New Report Seeks Repeal, Re-enactment of Cybercrime Act 2015

New Report Seeks Repeal, Re-enactment of Cybercrime Act 2015

By Emma Okonji

A new report that explores the state of digital rights and privacy in Nigeria that was launched by Paradigm Initiative, a Pan-African Digital Rights and Inclusion organisation, is seeking for the repeal and re-enactment of the Cybercrime Act 2015, among others.

The report, which was launched during a recent civil society webinar on Nigeria’s draft data protection bill focused on Nigeria’s political and policy environment as well as practices around digital rights and privacy.

Aside recommending the repealing and re-enactment of the Cybercrimes Act 2015, the report also recommended the passage of the digital rights and freedom bill and the data protection bill, in order to raise public awareness of citizens on data protection.

It also recommended a review of certain regulations by Nigerian Communications Commission (NCC), to include judicial and public accountability in order to address the potential for abuse and abuses occasioned by the politics of regime preservation.

Since the Cybercrime Act was passed by former President Goodluck Jonathan at the time he was leaving office in 2015, there had been agitations from different quarters of the country, calling for the repeal and review of the Act, which according to them, “is punitive rather than corrective.”

Before the enactment of the Cybercrime (Prohibition, Prevention etc) Act 2015 the Advanced Fee Fraud and Other related offences Act, 1995, Economic and Financial Crimes Commission Act, 2004 and the Money Laundering (Prohibition) Act 2011 regulated cybercrimes in Nigeria, however these Acts were inadequate to regulate cybercrimes and this raised an urgent need for the enactment of a Cybercrime Law.

Section 5 to Section 36 of the Cybercrime Act, contains offences punishable under the Act and penalties in respect of the offences. Section 5 of the Act prescribes the punishment for a person who commits an offence contrary to the critical national information infrastructure. Such person would be liable under to 10 years imprisonment. If the act causes bodily harm to any person, 15 years imprisonment, if the act causes death to another, life imprisonment.

Section 6 of the Act criminalizes unlawful access to a computer. Section 6(1) provides that any person who without authorization, intentionally accesses in whole or in part a computer system or network for fraudulent purposes and obtain data that are vital to national security commits an offence and would be liable to five years imprisonment or fine not less than N5,000,000 or both. If the person has an intent to obtain computer data, the punishment is seven years.

Some of the agitations were that the penalties for some offenses were harsh and could stifle business growth, while the fines were not commensurable with the offenses.

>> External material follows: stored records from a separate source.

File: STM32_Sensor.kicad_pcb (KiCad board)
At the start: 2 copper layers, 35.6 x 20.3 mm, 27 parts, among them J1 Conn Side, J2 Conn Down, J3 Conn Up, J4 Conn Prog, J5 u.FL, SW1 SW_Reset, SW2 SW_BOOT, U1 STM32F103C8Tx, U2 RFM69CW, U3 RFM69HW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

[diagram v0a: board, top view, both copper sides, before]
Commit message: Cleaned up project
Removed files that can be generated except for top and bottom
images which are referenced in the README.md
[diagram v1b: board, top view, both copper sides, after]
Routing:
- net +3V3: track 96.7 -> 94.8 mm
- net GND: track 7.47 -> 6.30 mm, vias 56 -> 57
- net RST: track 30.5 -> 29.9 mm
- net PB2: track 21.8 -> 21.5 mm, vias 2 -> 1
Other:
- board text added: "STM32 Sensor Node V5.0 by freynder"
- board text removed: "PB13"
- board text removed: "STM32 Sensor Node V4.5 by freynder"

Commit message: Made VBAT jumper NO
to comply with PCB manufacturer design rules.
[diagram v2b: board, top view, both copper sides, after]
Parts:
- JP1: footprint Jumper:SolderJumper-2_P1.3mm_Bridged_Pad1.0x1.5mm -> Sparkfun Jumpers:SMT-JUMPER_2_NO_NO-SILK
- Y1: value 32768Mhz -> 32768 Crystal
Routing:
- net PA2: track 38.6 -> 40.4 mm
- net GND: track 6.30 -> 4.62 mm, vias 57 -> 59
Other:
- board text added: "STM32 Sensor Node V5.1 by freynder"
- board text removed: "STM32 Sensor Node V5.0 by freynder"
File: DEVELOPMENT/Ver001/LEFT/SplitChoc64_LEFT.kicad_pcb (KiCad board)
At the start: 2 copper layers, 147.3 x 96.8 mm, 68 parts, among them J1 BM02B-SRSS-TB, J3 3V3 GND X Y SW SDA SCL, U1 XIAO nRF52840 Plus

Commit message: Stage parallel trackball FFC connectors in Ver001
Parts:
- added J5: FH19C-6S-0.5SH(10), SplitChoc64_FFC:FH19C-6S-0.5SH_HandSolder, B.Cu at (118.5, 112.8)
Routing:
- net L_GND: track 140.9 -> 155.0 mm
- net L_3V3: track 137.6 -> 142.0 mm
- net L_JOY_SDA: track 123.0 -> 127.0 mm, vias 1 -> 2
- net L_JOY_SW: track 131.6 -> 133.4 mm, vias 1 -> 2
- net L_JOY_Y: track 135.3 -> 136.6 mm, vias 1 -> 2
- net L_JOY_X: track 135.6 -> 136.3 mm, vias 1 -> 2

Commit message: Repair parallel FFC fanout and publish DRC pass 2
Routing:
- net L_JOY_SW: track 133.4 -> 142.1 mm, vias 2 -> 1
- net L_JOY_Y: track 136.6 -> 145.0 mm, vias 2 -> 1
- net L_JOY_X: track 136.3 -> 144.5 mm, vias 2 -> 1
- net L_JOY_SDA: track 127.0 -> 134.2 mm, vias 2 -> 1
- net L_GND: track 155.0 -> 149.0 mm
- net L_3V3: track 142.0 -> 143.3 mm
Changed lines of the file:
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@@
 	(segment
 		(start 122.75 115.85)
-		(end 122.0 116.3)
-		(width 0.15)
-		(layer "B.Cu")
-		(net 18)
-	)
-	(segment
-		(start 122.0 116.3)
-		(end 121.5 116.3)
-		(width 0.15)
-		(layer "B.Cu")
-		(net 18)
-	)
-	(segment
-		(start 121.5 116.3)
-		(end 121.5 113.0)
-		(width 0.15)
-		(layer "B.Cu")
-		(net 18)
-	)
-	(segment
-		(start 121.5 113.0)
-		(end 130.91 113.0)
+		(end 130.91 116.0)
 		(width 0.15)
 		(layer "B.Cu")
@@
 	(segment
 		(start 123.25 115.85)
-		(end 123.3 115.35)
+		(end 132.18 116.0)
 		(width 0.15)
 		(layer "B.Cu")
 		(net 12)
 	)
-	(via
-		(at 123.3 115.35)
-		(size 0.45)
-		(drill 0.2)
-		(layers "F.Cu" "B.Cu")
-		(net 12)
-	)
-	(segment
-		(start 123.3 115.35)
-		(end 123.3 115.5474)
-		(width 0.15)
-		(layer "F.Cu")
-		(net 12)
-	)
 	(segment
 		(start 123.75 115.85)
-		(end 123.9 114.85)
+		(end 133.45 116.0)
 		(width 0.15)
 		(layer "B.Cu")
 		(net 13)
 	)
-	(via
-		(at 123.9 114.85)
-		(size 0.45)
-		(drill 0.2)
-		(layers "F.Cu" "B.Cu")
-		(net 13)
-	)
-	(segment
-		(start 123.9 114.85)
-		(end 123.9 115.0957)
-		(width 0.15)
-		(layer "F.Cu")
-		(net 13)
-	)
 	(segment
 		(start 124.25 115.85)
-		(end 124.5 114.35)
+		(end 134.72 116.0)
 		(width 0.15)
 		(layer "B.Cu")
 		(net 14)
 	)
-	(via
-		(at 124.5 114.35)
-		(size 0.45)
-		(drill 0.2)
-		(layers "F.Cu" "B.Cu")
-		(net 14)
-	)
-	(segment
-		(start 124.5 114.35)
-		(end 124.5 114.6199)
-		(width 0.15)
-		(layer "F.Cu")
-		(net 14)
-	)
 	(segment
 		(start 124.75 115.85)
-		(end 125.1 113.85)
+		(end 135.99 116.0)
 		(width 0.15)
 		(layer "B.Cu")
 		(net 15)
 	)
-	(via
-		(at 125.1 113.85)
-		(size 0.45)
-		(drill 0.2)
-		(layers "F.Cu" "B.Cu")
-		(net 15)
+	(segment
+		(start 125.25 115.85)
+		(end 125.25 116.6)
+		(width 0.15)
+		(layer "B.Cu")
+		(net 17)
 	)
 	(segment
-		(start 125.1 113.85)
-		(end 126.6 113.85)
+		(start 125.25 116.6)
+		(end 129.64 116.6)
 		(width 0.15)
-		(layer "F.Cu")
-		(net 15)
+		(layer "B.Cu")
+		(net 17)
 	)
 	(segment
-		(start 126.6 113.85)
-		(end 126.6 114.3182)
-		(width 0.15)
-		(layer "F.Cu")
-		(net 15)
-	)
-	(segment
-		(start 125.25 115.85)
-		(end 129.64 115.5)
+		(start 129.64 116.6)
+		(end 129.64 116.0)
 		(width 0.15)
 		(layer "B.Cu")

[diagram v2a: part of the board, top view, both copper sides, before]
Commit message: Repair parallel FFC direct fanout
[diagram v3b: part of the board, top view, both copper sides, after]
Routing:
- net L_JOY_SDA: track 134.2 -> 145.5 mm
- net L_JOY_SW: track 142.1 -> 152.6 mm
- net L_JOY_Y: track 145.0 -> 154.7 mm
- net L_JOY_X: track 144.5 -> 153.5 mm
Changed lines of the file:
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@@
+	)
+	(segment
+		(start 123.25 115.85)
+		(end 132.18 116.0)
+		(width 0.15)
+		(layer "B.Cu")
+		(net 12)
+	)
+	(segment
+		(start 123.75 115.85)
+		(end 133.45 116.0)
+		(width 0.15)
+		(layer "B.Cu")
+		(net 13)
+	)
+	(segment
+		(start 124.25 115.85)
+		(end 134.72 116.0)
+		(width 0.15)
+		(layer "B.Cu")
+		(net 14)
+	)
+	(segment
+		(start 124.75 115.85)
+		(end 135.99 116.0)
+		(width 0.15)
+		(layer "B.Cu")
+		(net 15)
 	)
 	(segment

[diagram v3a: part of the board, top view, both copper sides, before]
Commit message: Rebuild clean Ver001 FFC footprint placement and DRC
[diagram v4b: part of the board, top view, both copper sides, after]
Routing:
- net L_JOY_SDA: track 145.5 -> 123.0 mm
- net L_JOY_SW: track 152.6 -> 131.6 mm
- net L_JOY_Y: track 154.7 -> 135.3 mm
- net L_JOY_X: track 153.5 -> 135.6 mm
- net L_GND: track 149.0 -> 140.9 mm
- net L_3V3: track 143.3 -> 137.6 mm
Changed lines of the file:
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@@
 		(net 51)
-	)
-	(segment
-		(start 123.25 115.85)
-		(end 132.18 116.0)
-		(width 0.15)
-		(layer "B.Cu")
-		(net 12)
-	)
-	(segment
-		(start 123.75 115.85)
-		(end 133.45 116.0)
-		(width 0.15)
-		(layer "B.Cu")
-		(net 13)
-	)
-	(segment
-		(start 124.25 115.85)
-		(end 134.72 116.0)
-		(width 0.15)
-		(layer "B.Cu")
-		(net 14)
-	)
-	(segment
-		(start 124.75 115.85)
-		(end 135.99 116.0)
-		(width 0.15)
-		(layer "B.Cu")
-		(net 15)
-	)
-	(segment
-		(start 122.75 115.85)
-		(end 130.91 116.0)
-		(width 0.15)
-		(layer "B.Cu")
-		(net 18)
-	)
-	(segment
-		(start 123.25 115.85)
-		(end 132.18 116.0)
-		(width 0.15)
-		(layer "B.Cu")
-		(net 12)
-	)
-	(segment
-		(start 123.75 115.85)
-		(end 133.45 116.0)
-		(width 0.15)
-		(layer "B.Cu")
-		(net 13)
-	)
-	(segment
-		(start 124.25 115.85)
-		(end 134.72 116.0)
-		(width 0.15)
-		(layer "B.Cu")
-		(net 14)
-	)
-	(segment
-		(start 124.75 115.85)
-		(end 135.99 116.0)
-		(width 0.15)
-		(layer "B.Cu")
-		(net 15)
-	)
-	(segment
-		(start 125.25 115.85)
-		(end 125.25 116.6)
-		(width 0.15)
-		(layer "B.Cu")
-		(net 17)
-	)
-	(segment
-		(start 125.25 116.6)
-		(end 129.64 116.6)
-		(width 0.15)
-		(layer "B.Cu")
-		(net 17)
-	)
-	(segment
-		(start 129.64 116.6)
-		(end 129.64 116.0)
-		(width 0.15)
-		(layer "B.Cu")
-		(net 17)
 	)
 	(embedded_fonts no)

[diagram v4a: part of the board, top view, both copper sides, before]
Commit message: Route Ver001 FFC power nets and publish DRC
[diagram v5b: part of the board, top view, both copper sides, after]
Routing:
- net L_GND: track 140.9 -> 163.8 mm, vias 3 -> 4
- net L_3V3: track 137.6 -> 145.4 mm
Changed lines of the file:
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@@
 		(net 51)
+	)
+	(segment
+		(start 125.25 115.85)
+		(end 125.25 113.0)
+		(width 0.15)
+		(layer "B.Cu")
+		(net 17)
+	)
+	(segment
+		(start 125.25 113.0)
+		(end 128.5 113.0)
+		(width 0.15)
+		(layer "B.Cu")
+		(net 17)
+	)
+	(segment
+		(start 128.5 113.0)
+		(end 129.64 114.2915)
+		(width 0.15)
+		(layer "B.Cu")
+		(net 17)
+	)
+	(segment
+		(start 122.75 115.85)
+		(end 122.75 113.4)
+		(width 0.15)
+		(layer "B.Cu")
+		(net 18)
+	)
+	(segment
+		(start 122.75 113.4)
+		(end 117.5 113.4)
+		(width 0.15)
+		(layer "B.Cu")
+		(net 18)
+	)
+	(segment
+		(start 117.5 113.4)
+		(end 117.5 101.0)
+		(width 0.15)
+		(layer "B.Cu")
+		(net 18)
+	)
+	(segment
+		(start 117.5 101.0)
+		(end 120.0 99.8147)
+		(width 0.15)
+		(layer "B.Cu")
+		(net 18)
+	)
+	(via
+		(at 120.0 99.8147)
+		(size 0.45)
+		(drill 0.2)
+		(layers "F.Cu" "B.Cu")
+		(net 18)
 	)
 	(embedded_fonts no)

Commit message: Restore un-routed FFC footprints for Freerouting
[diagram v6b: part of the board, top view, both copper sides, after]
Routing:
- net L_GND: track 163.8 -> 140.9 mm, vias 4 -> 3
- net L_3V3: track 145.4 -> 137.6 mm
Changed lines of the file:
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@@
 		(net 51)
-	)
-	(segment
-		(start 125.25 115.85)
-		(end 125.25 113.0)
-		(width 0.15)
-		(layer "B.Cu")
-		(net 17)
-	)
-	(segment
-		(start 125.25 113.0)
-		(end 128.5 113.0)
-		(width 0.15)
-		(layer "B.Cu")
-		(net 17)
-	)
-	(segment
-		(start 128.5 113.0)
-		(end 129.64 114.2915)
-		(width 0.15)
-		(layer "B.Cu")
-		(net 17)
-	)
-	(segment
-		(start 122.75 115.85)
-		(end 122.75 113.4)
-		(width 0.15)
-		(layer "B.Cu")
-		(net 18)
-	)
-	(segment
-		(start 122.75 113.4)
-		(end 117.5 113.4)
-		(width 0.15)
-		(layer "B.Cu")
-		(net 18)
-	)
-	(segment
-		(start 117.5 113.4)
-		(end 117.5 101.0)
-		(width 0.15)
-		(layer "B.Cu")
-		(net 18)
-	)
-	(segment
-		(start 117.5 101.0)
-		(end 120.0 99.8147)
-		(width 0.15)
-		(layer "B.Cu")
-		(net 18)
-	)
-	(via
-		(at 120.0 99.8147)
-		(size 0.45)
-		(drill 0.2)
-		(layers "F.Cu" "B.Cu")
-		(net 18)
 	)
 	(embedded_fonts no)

While analysing the report and the webinar, Senior Program Manager at Paradigm Initiative, Adeboye Adegoke, said: “Given the work that we do, part of our advocacy objectives is to ensure that the development of digital policy receives quality inputs from us. Our focus is clear in this regard; rights, inclusion, and innovation. We will advocate against draft legislation/policy that seeks to limit rights, stifle innovation or widen access gaps and we will support those who seek to promote access, rights, and innovation.”

The Chief Operating Officer at Paradigm Initiative, Nnenna Paul-Ugochukwu in her remarks recognised that PIN represents a lot of other voices within the civil society space and this explains why the webinar and the report launch were held together, to present the organisation’s research output and to capture the views of other civil society organisations in its submission to the federal government on the draft data protection bill.